* **Materials provided**
■ ■ ■ ■
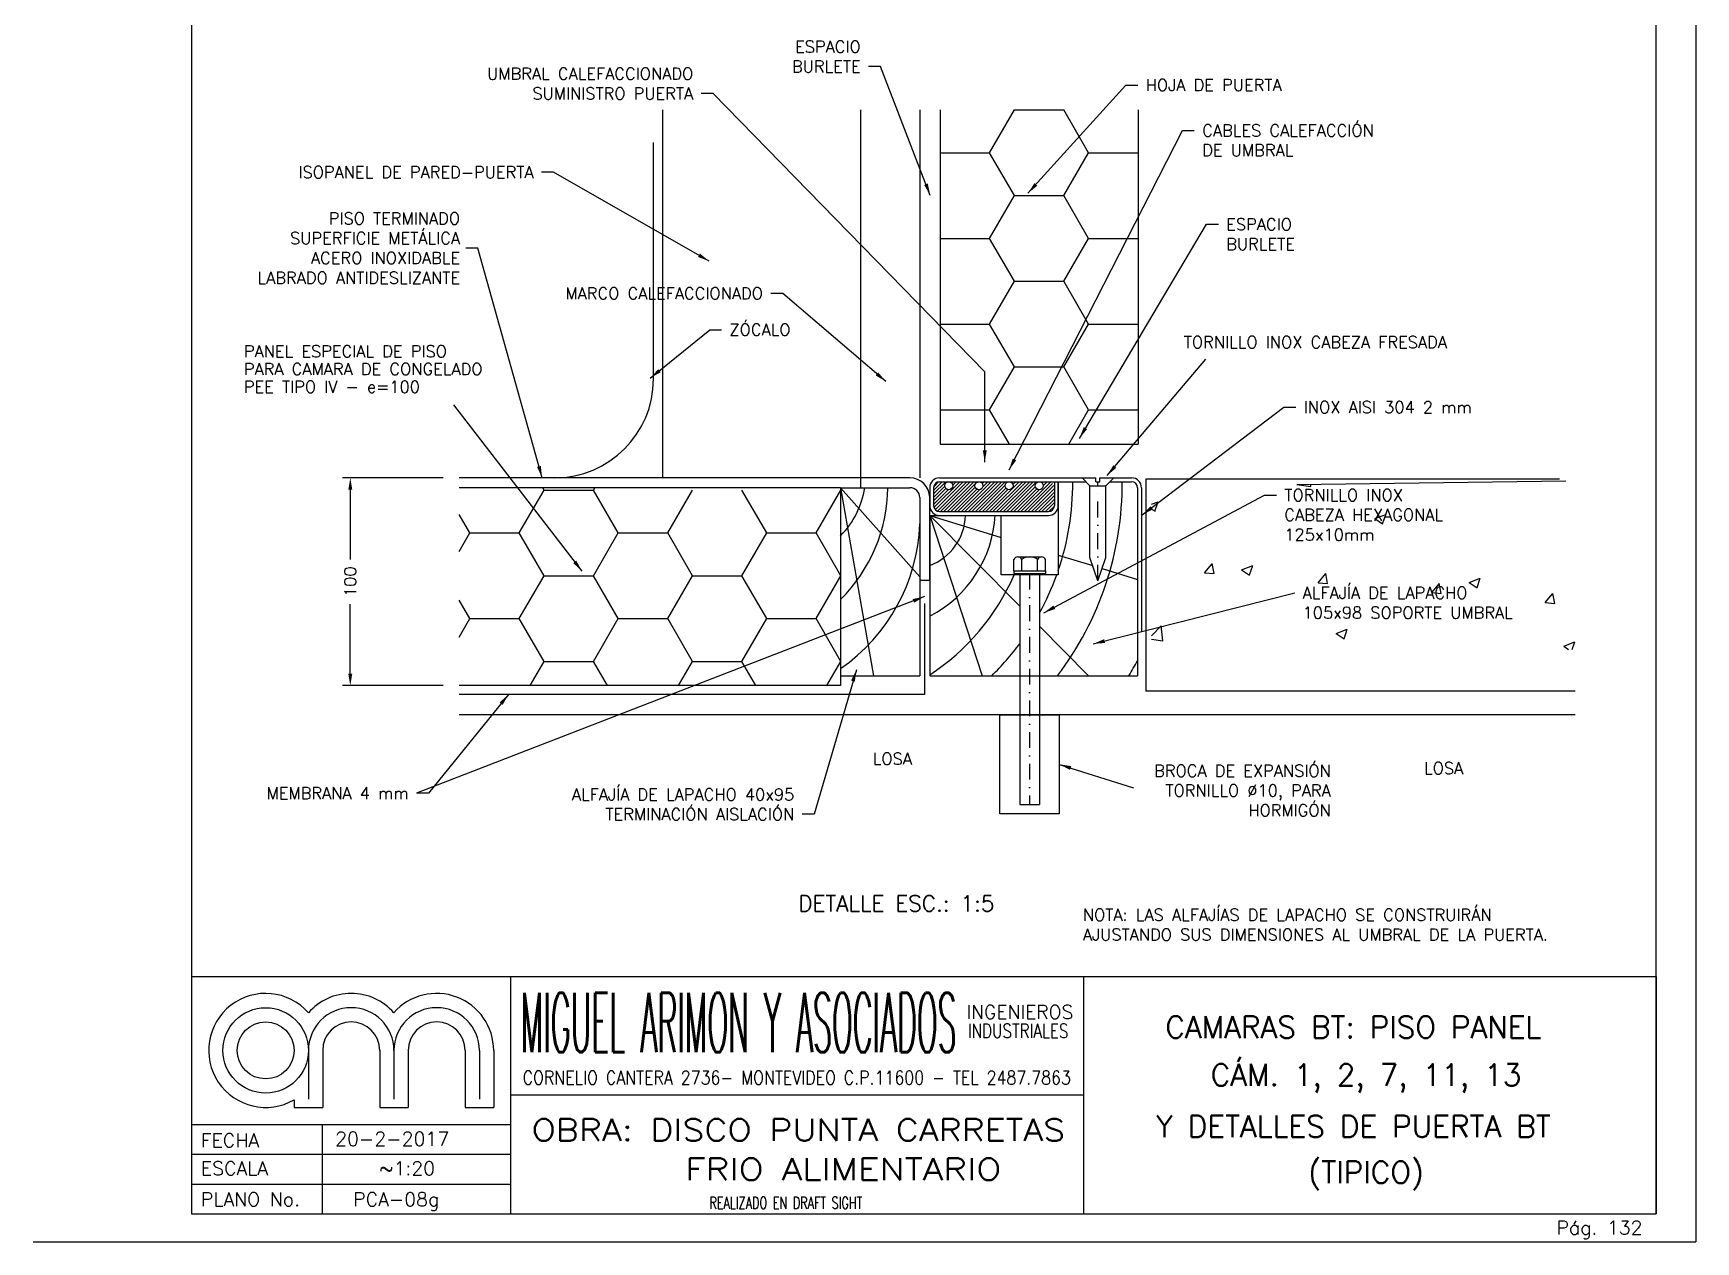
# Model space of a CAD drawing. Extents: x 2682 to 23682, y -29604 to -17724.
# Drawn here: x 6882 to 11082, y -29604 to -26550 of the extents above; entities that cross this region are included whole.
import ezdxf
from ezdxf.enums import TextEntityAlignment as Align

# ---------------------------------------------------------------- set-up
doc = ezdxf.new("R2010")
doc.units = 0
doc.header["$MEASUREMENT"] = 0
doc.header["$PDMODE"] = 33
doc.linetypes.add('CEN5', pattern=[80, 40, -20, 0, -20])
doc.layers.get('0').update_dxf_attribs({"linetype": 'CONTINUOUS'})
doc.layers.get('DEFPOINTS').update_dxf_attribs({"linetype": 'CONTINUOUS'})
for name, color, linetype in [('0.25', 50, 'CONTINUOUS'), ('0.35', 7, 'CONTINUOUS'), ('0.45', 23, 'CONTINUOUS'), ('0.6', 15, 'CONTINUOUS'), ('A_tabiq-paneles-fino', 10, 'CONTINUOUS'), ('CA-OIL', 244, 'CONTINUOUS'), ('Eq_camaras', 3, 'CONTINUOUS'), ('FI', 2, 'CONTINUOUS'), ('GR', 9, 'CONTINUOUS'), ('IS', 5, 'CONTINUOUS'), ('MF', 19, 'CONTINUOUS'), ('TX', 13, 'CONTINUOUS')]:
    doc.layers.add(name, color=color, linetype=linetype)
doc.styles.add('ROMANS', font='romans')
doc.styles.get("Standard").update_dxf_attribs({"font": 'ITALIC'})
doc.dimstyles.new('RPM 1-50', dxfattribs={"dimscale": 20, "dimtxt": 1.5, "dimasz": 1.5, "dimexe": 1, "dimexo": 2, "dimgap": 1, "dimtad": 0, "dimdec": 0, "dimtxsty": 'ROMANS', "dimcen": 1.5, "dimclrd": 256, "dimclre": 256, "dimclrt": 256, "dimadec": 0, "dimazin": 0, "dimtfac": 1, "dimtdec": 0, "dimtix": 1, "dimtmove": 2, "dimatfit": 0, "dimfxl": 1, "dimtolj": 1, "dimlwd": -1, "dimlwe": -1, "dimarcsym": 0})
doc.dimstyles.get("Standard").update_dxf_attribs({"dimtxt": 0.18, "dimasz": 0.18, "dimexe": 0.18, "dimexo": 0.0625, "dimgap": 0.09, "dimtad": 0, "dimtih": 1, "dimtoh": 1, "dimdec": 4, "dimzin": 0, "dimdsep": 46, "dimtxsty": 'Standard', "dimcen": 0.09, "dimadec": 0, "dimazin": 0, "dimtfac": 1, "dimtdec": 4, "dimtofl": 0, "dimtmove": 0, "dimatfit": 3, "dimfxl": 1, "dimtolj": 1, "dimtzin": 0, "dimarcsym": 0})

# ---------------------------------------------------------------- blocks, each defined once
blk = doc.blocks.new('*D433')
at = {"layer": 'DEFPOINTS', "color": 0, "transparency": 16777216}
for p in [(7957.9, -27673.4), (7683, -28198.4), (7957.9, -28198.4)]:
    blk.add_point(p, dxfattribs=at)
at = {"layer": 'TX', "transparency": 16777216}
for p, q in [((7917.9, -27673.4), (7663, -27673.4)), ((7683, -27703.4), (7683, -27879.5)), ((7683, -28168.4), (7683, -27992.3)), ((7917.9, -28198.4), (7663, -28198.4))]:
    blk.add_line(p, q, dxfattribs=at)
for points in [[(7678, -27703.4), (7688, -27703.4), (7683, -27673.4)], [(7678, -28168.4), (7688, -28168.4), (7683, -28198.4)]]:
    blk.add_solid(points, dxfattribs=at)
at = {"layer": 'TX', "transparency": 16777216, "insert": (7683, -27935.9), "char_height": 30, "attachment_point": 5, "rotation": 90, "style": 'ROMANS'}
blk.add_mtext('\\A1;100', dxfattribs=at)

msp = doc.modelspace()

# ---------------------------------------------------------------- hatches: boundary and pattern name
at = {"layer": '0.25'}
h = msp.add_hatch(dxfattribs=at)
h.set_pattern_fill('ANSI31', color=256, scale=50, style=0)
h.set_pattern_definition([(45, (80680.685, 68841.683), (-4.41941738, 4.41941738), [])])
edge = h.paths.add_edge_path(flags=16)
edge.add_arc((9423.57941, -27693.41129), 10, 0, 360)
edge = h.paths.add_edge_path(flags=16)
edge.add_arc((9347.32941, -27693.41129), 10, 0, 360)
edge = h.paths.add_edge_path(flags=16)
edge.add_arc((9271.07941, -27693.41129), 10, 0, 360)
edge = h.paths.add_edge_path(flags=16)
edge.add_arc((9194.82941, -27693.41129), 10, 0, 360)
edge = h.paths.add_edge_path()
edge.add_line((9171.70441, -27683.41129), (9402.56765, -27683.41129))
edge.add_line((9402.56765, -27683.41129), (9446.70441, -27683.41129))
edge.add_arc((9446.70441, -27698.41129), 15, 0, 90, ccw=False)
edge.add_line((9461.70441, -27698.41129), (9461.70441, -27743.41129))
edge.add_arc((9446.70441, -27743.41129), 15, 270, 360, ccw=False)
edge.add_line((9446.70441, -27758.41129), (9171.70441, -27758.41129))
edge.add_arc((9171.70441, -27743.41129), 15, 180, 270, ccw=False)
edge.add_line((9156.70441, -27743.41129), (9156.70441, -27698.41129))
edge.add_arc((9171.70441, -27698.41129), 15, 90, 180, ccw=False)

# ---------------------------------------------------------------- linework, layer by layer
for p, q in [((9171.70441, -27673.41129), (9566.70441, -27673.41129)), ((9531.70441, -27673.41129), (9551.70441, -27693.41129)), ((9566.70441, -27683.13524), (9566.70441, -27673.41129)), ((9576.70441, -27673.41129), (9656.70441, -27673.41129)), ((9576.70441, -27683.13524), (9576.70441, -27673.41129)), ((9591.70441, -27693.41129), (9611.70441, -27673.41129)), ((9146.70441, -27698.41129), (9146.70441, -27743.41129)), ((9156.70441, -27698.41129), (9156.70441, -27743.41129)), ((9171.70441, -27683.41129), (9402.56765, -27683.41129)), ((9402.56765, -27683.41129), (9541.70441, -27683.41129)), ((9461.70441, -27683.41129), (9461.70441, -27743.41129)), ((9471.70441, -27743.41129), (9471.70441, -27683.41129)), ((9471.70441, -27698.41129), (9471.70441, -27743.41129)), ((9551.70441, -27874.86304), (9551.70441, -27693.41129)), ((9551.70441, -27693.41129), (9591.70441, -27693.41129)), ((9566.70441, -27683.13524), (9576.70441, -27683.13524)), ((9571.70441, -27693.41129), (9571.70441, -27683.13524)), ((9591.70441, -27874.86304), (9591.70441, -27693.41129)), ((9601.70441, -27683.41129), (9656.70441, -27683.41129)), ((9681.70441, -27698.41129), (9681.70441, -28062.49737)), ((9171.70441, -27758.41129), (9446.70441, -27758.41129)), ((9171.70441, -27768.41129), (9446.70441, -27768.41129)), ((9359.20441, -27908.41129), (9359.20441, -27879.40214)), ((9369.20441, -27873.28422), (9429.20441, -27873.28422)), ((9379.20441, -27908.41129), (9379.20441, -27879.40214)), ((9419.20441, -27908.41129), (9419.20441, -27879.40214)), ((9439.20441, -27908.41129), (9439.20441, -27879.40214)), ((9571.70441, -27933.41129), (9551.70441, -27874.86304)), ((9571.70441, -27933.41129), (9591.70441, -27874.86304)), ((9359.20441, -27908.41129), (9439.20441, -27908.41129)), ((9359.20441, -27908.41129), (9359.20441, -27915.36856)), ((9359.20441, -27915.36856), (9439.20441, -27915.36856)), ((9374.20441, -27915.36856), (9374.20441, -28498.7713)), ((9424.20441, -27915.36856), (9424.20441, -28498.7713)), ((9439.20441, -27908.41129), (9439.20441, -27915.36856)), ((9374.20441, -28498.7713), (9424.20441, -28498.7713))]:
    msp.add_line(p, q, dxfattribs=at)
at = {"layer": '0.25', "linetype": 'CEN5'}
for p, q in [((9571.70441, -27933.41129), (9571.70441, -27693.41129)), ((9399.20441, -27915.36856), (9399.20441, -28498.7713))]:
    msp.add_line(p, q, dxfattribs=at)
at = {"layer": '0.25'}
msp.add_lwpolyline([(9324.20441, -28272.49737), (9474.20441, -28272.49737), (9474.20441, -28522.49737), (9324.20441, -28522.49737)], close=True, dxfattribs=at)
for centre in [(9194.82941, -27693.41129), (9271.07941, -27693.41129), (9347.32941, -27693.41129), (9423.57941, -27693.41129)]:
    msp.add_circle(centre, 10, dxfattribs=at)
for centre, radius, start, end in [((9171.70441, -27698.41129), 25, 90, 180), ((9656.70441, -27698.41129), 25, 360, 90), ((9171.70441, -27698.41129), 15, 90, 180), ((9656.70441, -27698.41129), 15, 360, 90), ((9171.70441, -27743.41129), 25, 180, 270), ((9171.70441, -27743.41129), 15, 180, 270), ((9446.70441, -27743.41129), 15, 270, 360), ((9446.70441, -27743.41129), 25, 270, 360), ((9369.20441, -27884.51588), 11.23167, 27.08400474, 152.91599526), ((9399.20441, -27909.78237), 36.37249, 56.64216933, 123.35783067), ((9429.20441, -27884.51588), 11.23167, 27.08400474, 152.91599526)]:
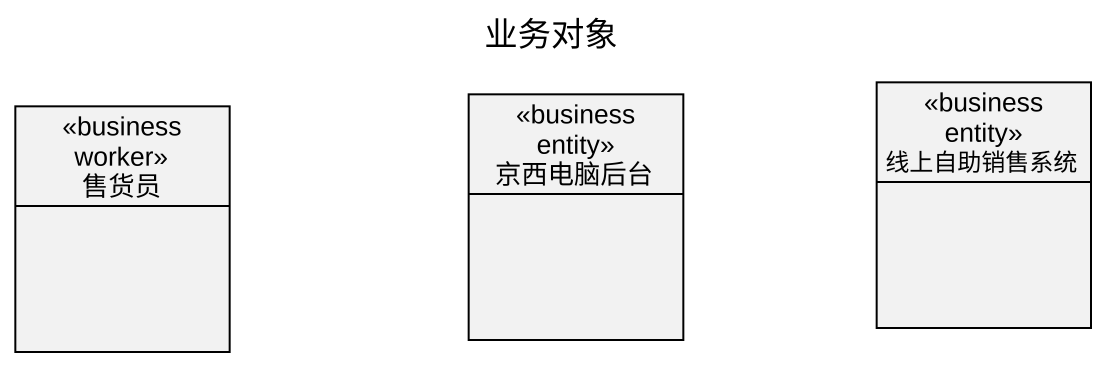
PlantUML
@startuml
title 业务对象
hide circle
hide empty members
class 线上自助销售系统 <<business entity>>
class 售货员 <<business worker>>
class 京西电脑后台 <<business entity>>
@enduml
■ ■ ■ ■
* **Exercise prompt**
Report the number of lines in the listing above that hold the word "dimtxsty", and give no other text.

* **Final answer**
2